INSTRUCTIONS FOR THE TASK: If a line in the listing contains "untitled", copy it out whole.

--- RECORDS FOR THIS EXERCISE Enclosed Below ---

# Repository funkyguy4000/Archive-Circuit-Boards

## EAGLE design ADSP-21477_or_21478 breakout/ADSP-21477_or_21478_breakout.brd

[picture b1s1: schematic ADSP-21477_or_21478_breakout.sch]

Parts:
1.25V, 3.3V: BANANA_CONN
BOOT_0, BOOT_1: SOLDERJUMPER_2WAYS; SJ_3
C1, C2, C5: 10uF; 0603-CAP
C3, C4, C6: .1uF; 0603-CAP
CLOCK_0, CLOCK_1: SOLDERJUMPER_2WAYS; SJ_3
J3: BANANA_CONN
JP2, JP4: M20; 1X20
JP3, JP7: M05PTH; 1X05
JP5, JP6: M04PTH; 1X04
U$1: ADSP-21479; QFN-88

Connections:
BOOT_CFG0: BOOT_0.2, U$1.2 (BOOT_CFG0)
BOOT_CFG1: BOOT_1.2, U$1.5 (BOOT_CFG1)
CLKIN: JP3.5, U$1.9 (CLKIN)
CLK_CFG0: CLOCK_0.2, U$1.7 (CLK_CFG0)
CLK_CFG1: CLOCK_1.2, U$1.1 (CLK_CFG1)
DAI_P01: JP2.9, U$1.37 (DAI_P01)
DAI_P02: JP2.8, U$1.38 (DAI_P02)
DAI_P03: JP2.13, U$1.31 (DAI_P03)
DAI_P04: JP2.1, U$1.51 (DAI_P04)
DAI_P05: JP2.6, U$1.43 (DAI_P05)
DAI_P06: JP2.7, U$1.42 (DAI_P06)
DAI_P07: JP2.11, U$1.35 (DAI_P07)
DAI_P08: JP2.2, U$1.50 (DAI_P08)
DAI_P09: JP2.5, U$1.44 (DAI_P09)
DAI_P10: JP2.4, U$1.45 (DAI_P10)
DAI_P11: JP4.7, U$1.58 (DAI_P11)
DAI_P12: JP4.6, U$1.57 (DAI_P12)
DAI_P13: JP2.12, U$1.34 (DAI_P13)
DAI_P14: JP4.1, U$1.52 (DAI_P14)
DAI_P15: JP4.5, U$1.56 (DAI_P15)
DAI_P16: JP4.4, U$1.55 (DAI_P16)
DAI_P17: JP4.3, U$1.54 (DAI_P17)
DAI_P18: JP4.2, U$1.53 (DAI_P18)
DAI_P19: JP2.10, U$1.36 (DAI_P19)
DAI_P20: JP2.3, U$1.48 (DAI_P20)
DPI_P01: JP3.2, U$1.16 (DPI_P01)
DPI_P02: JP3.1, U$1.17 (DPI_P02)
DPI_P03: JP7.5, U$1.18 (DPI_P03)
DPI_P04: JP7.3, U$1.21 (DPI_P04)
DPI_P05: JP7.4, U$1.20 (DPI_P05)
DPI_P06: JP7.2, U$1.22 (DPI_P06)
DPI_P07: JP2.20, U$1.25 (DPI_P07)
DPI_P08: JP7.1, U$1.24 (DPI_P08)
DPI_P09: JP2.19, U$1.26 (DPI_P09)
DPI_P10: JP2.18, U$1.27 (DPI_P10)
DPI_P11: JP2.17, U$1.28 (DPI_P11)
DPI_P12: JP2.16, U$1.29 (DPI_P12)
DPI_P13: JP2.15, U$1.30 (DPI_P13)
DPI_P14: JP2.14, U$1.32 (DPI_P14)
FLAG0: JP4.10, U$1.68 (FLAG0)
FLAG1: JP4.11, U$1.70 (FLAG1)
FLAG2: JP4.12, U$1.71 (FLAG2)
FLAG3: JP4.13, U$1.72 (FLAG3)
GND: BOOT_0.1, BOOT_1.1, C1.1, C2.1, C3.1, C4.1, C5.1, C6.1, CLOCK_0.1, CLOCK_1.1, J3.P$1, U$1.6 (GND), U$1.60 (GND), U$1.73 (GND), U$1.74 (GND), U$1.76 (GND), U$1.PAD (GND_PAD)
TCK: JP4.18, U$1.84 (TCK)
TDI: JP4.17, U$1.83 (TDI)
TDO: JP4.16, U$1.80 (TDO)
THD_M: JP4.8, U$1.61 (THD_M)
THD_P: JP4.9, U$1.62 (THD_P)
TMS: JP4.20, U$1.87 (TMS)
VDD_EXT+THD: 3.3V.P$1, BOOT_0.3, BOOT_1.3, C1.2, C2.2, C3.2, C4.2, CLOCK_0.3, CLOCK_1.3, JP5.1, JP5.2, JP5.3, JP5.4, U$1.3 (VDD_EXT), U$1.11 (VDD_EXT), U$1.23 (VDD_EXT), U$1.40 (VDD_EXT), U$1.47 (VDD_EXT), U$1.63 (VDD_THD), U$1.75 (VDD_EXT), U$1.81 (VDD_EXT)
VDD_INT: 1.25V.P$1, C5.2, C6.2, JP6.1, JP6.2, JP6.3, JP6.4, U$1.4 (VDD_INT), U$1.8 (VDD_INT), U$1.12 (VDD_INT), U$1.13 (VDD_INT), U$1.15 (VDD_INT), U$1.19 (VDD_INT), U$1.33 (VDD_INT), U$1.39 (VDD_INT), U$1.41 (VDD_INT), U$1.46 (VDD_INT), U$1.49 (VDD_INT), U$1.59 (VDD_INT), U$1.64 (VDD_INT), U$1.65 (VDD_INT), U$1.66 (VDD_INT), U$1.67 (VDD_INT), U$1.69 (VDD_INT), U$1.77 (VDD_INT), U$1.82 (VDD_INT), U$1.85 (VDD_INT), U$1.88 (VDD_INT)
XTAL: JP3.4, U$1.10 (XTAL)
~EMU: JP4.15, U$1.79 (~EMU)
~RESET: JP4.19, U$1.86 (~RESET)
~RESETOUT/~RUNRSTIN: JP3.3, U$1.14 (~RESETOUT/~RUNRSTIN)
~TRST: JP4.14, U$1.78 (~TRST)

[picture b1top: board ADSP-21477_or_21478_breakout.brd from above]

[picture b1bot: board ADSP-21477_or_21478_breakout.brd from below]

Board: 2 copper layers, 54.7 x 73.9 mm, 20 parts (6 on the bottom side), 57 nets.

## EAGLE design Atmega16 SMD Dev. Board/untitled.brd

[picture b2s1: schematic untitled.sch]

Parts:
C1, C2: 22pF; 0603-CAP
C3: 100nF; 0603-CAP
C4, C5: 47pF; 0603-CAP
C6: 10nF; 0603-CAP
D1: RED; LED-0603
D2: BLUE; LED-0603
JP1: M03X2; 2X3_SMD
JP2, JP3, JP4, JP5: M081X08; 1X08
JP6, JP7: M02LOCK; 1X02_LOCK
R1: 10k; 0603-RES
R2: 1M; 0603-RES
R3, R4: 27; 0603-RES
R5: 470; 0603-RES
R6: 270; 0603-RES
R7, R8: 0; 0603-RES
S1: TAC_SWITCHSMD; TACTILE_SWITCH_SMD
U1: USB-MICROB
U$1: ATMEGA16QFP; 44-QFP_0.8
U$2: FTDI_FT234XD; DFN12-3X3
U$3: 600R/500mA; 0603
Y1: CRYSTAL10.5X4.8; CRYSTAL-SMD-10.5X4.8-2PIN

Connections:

--- End of Enclosed RECORDS FOR THIS EXERCISE ---

YOUR SOLUTION:
## EAGLE design Atmega16 SMD Dev. Board/untitled.brd
[picture b2s1: schematic untitled.sch]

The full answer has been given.